Etkinliğin mağdurlarından Melissa (37, doktor) anlatıyor:

Davet 17.30’da başlıyordu, ben yarım saat önce geldim. Hata etmişim, en az bir saat önce gelinmeliymiş. Tecrübesizlik tabii… Ön saflar hep tutulmuştu. Kapıların açılmasıyla çığlıklar ve uğultular yükseldi. İtiş kakış, 30 metrekarelik bölmeye bir buçuk dakikada ulaştım. Bütün reyonlar boştu. Mankenin birini devirmişler, üzerindekini söküyorlardı. Çünkü giysi olarak tek o kalmıştı. Birdenbire gözüme yerdeki kutular çarptı. Aynı anda benimle birlikte kutulara atlamaya çalışan kalabalıkla küçük bir arbede yaşadıktan sonra, iki kutuya sıkı sıkı sarılmayı başardım. İçinde ne olduğunu hiç bilmiyordum ama aldım işte. Dışarı çıktığımda içinden iki tane bot çıktı. Biri 36, diğeri 39 numara. Ben 37 giyiyorum. Ama geri vermedim. O kadar savaştım! Giymek isteyen arkadaşlarıma veririm, ne yapayım… Zaten taliplisi de çok.

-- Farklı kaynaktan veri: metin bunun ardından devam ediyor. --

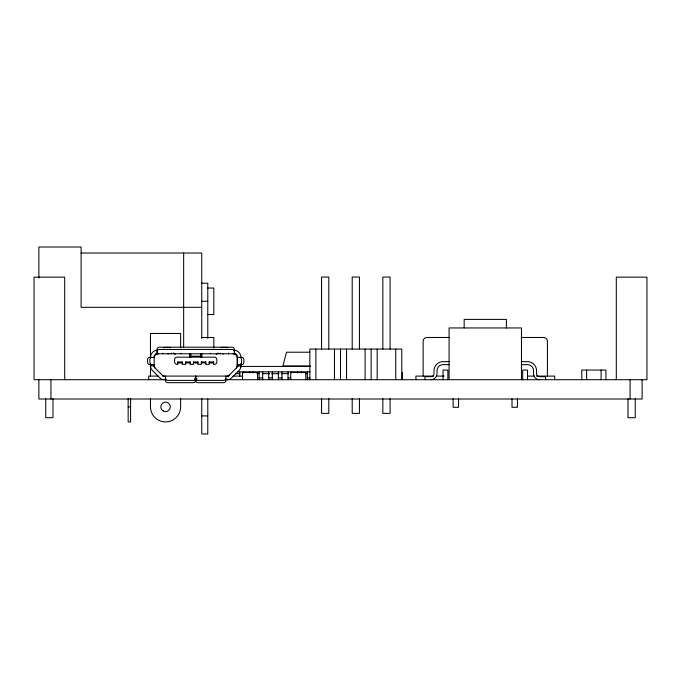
<?xml version="1.0" encoding="UTF-8"?>
<svg xmlns="http://www.w3.org/2000/svg" width="681" height="681" viewBox="0 0 681 681"><rect width="100%" height="100%" fill="white"/><g stroke="black" fill="none" stroke-linecap="round" stroke-linejoin="round"><path stroke-width="1.02" d="M237.32 366.191L237.346 357.389A3.064 3.064 0 0 0 234.332 353.771L234.332 349.081A2.409 1.89 0 0 0 231.915 347.199L159.524 347.199A2.409 1.89 0 0 0 157.115 349.081L157.115 353.771A3.064 3.064 0 0 0 154.093 357.389L149.437 357.389A2.409 1.856 -90 0 0 147.581 359.806L147.581 362.215A2.409 1.856 -90 0 0 149.437 364.633L154.093 364.633M236.018 354.282L234.332 353.286M240.836 367.085L240.963 363.697M195.6 379.087L195.396 379.47A2.409 1.89 0 0 1 193.31 380.407L167.969 380.407A2.409 1.89 0 0 1 165.56 378.525M236.579 367.8L229.182 375.205A3.013 3.013 0 0 1 227.045 376.091A3.013 3.013 0 0 0 229.156 375.146M216.158 354.375L218.158 352.979M155.421 354.282L156.23 353.899M81.107 253.026L201.755 253.026L201.755 338.38M201.755 283.194L207.782 283.194L207.782 338.431M207.782 288.054L213.817 288.054L213.817 314.528L207.782 314.528M201.755 301.291L207.782 301.291M201.755 307.318L81.107 307.318L81.107 246.999L38.877 246.999L38.877 277.984M201.755 337.487L213.817 337.487L213.817 348.042M449.469 337.487L426.8 337.487L424.97 337.972L423.633 339.291L423.148 341.104L423.148 376.091M521.093 337.487L543.761 337.487L545.592 337.972L546.928 339.291L547.413 341.104L547.413 376.091M309.685 352.205L286.505 352.205L282.887 365.961L310.23 365.961M234.332 353.771L157.115 353.771L157.115 351.336A2.409 1.89 0 0 1 159.524 349.455L231.915 349.455A2.409 1.89 0 0 1 234.332 351.336M190.774 356.189L200.665 356.189M237.346 357.389L242.002 357.389A2.409 1.856 -90 0 1 243.858 359.806L243.858 362.215A2.409 1.856 -90 0 1 242.002 364.633L237.346 364.633M449.085 361.62L441.867 361.688A9.057 9.057 0 0 0 434.078 369.485L433.967 374.073A3.013 3.013 0 0 1 431.379 376.661L424.953 376.695L424.953 379.709M521.476 361.62L528.686 361.688A9.057 9.057 0 0 1 536.483 369.485L536.585 374.073A3.013 3.013 0 0 0 539.182 376.661L545.6 376.695L545.6 379.709M177.801 361.977L182.27 361.977M185.649 361.977L190.11 361.977M193.489 361.977L197.95 361.977M201.329 361.977L205.798 361.977M209.169 361.977L213.638 361.977M177.801 362.939L182.27 362.939M185.649 362.939L190.11 362.939M193.489 362.939L197.95 362.939M201.329 362.939L205.798 362.939M209.169 362.939L213.638 362.939M449.085 364.633L443.05 364.633A6.035 6.035 0 0 0 437.023 370.668L437.023 373.682A6.035 6.035 0 0 1 430.988 379.709M521.476 364.633L527.511 364.633A6.035 6.035 0 0 1 533.538 370.668L533.538 373.682A6.035 6.035 0 0 0 539.573 379.709M150.603 367.085L150.475 365.791L154.093 365.791A3.013 3.013 0 0 0 154.979 367.927L162.265 375.205A3.013 3.013 0 0 0 164.393 376.091M236.29 366.438L238.401 366.438M240.521 366.438L310.315 366.438M237.839 371.869L310.034 371.869M235.728 373.682L239.959 373.682M256.89 373.682L259.01 373.682M262.185 373.682L269.591 373.682M271.71 373.682L279.116 373.682M281.236 373.682L288.642 373.682M305.573 373.682L307.693 373.682M158.418 376.091L148.705 376.091L148.705 379.709M162.589 376.091L228.85 376.091M233.021 376.091L242.734 376.091M433.661 376.091L415.904 376.091L415.904 379.709M436.18 376.091L444.114 376.091M527.417 376.091L534.372 376.091M536.458 376.091L554.649 376.091L554.649 379.709M259.061 377.904L262.679 377.904M268.714 377.904L272.332 377.904M278.367 377.904L281.985 377.904M288.02 377.904L290.736 377.904M307.318 377.904L310.034 377.904M194.672 378.508L196.792 378.508M165.704 379.709L34.05 379.709L34.05 277.158L64.695 277.158L64.695 379.709M194.672 379.709L196.792 379.709M225.879 379.709L646.95 379.709L646.95 277.158L616.305 277.158L616.305 379.709M128.156 406.855L130.573 406.855M201.755 415.904L207.782 415.904M173.289 352.979L175.281 354.375M195.839 379.087L196.043 379.47A2.409 1.89 0 0 0 198.137 380.407L223.47 380.407A2.409 1.89 0 0 0 225.879 378.525M154.119 366.191L154.153 358.053A4.222 4.222 0 0 1 158.384 353.831M642.123 379.709L642.123 399.015L38.877 399.015L38.877 379.709M635.245 398.717L635.245 417.717L628.01 417.717L628.01 398.717M630.061 379.709L630.061 399.015M605.928 379.709L605.928 370.055L581.795 370.055L581.795 379.709M601.102 370.055L601.102 379.709M586.622 370.055L586.622 379.709M527.511 379.709L527.511 370.055L522.685 370.055L522.685 379.709M521.476 379.709L521.476 327.953L449.085 327.953L449.085 379.709M517.432 398.802L517.432 407.289L512.001 407.289L512.001 398.802M506.392 327.953L506.392 319.389L464.17 319.389L464.17 327.953M458.56 398.802L458.56 407.289L453.129 407.289L453.129 398.802M447.877 379.709L447.877 370.055L443.05 370.055L443.05 379.709M402.318 372.439L402.318 379.709M401.79 379.709L401.79 349.064L309.855 349.064L309.855 379.709M395.755 349.064L395.755 379.709M390.085 349.064L390.085 277.039L382.85 277.039L382.85 349.064M390.085 398.649L390.085 413.376L382.85 413.376L382.85 398.649M377.18 349.064L377.18 379.709M371.145 349.064L371.145 379.709M365.11 349.064L365.11 379.709M359.44 349.064L359.44 277.039L352.205 277.039L352.205 349.064M359.44 398.649L359.44 413.376L352.205 413.376L352.205 398.649M346.535 349.064L346.535 379.709M340.5 349.064L340.5 379.709M334.465 349.064L334.465 379.709M328.795 349.064L328.795 277.039L321.56 277.039L321.56 349.064M328.795 398.649L328.795 413.376L321.56 413.376L321.56 398.649M315.89 349.064L315.89 379.709M307.318 371.869L307.318 379.709M305.803 379.709L305.803 372.439L290.744 372.439L290.744 379.709M301.291 371.877L301.291 372.924M297.674 371.877L297.674 372.924M291.638 371.877L291.638 372.924M288.02 371.869L288.02 379.709M281.985 371.869L281.985 379.709M278.367 371.869L278.367 379.709M272.332 371.869L272.332 379.709M268.714 371.869L268.714 379.709M262.679 371.869L262.679 379.709M259.061 371.869L259.061 379.709M257.537 379.709L257.537 372.439L242.487 372.439L242.487 379.709M253.026 371.877L253.026 372.924M249.408 371.877L249.408 372.924M243.381 371.877L243.381 372.924M239.755 371.869L239.755 376.525M228.595 353.116L228.595 353.754M225.879 376.091L225.879 380.781A2.409 1.89 0 0 1 223.47 382.671L198.137 382.671A2.409 1.89 0 0 1 196.043 381.726L195.839 376.091M220.15 353.116L220.15 353.754M213.638 361.892L213.638 364.386L214.421 364.386A2.409 2.409 0 0 0 216.83 361.977L216.83 359.559A2.409 2.409 0 0 0 214.421 357.15L177.017 357.15A2.409 2.409 0 0 0 174.608 359.559L174.608 361.977A2.409 2.409 0 0 0 177.017 364.386L177.801 364.386L177.801 361.892M210.318 353.303L210.318 353.771M209.169 361.892L209.169 364.386L205.798 364.386L205.798 361.892M207.782 398.93L207.782 434.001L201.755 434.001L201.755 398.325M201.874 353.831L201.874 357.15M201.329 361.892L201.329 364.386L197.95 364.386L197.95 361.892M200.665 353.771L200.665 357.15M195.6 376.091L195.396 381.726A2.409 1.89 0 0 1 193.31 382.671L167.969 382.671A2.409 1.89 0 0 1 165.56 380.781L165.56 376.091M193.489 361.892L193.489 364.386L190.11 364.386L190.11 361.892M190.774 353.771L190.774 357.15M189.565 353.831L189.565 357.15M185.649 361.892L185.649 364.386L182.27 364.386L182.27 361.892M183.657 253.026L183.657 347.191M181.12 353.303L181.12 353.771M180.635 347.787L180.635 333.469L150.475 333.469L150.475 358.334M180.635 398.394L180.635 406.855A15.084 15.084 0 0 1 165.56 421.939A15.084 15.084 0 0 1 150.475 406.855L150.475 398.394M171.289 353.116L171.289 353.754M162.844 353.116L162.844 353.754M150.475 363.475L150.475 376.27M130.573 398.504L130.573 421.939L128.156 421.939L128.156 398.504M52.99 398.717L52.99 417.717L45.755 417.717L45.755 398.717M50.939 379.709L50.939 399.015M155.038 367.902A3.013 3.013 0 0 1 154.153 365.765M233.064 353.831A4.222 4.222 0 0 1 237.286 358.053L237.286 365.765A3.013 3.013 0 0 1 236.401 367.902A3.013 3.013 0 0 0 237.346 365.791L240.963 365.791A6.64 6.64 0 0 1 239.022 370.49L231.736 377.768A6.64 6.64 0 0 1 227.045 379.709M223.019 353.992A1.209 1.209 0 0 1 223.708 353.771M227.888 347.727A2.409 1.209 0 0 0 226.186 347.378L222.568 347.378A2.409 1.209 0 0 0 220.857 347.727M234.332 350.153A7.27 7.27 0 0 1 240.963 357.389M150.475 357.389A7.27 7.27 0 0 1 157.115 350.153M151.752 357.389A2.409 1.856 -90 0 0 149.897 359.806L149.897 362.215A2.409 1.856 -90 0 0 151.752 364.633M150.475 365.791A6.64 6.64 0 0 0 152.416 370.49L159.703 377.768A6.64 6.64 0 0 0 164.393 379.709M167.73 353.771A1.209 1.209 0 0 1 168.42 353.992M239.695 357.389A2.409 1.856 -90 0 1 241.551 359.806L241.551 362.215A2.409 1.856 -90 0 1 239.695 364.633M163.551 347.727A2.409 1.209 0 0 1 165.253 347.378L168.879 347.378A2.409 1.209 0 0 1 170.582 347.727M163.185 410.966A4.741 4.741 0 0 0 170.301 406.855A4.741 4.741 0 0 0 163.185 402.752A4.741 4.741 0 0 0 163.185 410.966"/></g></svg>

Her üründen bir tane alınması koşulu, etkinliğe gelen ve birbirini tanıyan isimleri ‘çeteciliğe’ yöneltti. Alexander Wang H&M etkinliğinden, hatırı sayılır bir tecrübesi olan ünlüler, moda editörleri ve blogger’lar ayrı gruplar halinde stratejik bir kararla güç birliği yaptılar. Resmen A Takımını oluşturdular. Sistem basit; kapıların açılmasıyla reyonlara saldıran çete üyeleri, bir buçuk dakika içinde beden-model ayrım yapmadan eline ne geçse sepete atıyor. Eli dolanlar kendilerini dışarı atıyor, başlıyorlar takasa. Kasa önünde “Sende ne var, bu sana olur mu, yaaaa bunu ben istiyoruammmm” cümleleri havada uçuşuyor. Pazarlık sonrası herkes şansına ne düşerse razı olup ödüyor. Bluz küçük mü gelecek? Zayıflarsınız artık. Ayakkabı bol mu geldi? Kalın çorapla giy şekerim! Önemli olan dolapta bir parça Balmain X H&M’in olsun, eşe dosta rezil olma.

YENİLEN PEHLİVAN…

Etkinlikten eli boş dönenler ise pes etmiş değil. Perşembe günü koleksiyonun mağazaya gireceği saati kolluyorlar. Ama bu etkinlik halka açık olacağı için çok daha çetin geçecek, hazırlıklı olmak şart. Kapı görevlilerinden taktik alınıyor: “Kapılar saat 10’da açılacak. Ama dış kapı 8 gibi açılır. O zaman gelir, ön tarafta yer bulabilirseniz, belki bir şansınız olur.” Bir diğer tavsiye, geceden gelip battaniye, olmadı şişme yatakla beklemek. Olay dirençte bitiyor dostum!

Türkiye’nin VİP’lerine Allah başka dert vermesin…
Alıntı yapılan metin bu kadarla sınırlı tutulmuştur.